Changing/Improving Ageing (2) Drug interventions ▪ Rapamycin – inhibits TORC, regulates insulin pathway. Found to extend lifespan in yeast and mice. ▪ May equate to 10 years in human females (Harrison et al 2009). ▪ Also, Spilman et al (2010) has shown health benefits, notably Alzheimer’s ▪ Rapamycin is currently licensed for use in clinic with transplant patients as an immune suppressant. Likely to be used in clinical trials for progeria treatment soon. ▪ Other agents eg metformin (an anti-diabetic) is also promising.

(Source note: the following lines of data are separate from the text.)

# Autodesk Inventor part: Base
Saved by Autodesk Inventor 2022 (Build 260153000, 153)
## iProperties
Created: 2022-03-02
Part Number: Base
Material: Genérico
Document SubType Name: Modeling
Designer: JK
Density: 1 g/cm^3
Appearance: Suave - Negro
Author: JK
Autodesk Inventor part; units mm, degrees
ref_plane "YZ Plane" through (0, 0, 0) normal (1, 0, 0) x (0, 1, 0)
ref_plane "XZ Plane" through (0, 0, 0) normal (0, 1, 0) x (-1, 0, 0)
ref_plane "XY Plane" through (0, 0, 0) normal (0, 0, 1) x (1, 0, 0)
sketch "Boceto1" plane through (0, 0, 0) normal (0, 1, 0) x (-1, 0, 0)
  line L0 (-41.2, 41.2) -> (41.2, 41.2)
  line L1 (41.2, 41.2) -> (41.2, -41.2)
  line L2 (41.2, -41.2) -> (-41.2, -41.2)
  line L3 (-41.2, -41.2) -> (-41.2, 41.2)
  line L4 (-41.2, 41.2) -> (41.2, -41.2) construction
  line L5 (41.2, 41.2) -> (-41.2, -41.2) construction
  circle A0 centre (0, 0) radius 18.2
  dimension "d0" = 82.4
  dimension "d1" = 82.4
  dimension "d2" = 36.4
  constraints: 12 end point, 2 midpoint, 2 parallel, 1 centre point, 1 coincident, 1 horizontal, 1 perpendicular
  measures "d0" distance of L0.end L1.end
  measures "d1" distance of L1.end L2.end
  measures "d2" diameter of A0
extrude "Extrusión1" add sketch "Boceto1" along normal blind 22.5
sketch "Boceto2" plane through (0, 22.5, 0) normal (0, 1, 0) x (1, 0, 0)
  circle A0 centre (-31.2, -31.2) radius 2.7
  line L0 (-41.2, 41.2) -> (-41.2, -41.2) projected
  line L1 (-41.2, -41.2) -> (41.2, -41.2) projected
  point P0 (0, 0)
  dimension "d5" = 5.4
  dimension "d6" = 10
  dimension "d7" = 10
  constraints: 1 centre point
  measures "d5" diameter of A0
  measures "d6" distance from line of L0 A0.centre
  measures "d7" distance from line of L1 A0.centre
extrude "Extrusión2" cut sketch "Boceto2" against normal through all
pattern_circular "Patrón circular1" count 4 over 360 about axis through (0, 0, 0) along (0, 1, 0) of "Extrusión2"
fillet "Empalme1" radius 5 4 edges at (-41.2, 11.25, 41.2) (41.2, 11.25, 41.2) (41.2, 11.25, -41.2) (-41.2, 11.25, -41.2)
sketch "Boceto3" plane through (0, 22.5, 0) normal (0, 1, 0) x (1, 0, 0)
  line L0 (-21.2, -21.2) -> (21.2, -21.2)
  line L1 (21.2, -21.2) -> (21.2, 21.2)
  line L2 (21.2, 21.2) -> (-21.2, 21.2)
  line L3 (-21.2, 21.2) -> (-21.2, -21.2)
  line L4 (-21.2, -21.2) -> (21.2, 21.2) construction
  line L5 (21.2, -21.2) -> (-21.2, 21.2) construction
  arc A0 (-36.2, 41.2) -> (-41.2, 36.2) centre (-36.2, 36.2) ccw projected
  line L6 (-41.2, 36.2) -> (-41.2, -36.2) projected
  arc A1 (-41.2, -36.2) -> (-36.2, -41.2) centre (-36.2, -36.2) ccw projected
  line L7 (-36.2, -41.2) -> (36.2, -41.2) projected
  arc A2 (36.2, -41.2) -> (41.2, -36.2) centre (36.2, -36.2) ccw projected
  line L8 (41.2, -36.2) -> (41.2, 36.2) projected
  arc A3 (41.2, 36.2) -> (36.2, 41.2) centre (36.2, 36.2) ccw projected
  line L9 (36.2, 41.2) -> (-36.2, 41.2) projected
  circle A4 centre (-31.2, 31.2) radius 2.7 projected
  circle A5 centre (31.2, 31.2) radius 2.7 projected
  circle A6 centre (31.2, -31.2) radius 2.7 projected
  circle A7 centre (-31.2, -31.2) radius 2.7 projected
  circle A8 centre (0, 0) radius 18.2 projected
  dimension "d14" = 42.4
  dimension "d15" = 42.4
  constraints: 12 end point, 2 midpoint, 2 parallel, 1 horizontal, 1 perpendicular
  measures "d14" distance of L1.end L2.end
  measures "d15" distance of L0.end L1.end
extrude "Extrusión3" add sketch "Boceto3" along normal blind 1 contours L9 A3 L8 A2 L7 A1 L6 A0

Changing/Improving Ageing (3) Telomerase – enzyme repairs ends of chromosomes. ▪ Studies on mice with signs of ageing showed rejuvenation when this enzyme was reactivated (Jaskelioff et al 2011). ▪ Could be used as a means of regeneration. ▪ But other studies have indicated that telomerase reactivation promotes aggressive tumour formation (Ding et al 2012)

Changing/Improving Ageing (4) Gene Modification Manipulation of genes that affect the manufacture of proteins (eg progerin) which influence ageing. (5) Immune System and Hormonal Modification – Supplements and therapies to restore function

Ethical Questions ▪ Max life span remains at approx. 120 yrs but with recent advances in BIOGERONTOLOGY this could be extended ▪ Societies combat disease to extend life, why not combat ageing to extend life too? ▪ Will structure and dynamics of society be altered ? Will this be positive or detrimental? ▪ Life span v. health span? Mortality v. Morbidity? Active ageing v Immortality? ▪ Economics – impact on health and social care costs? ▪ Alter the dependency ratio ie producers v consumers?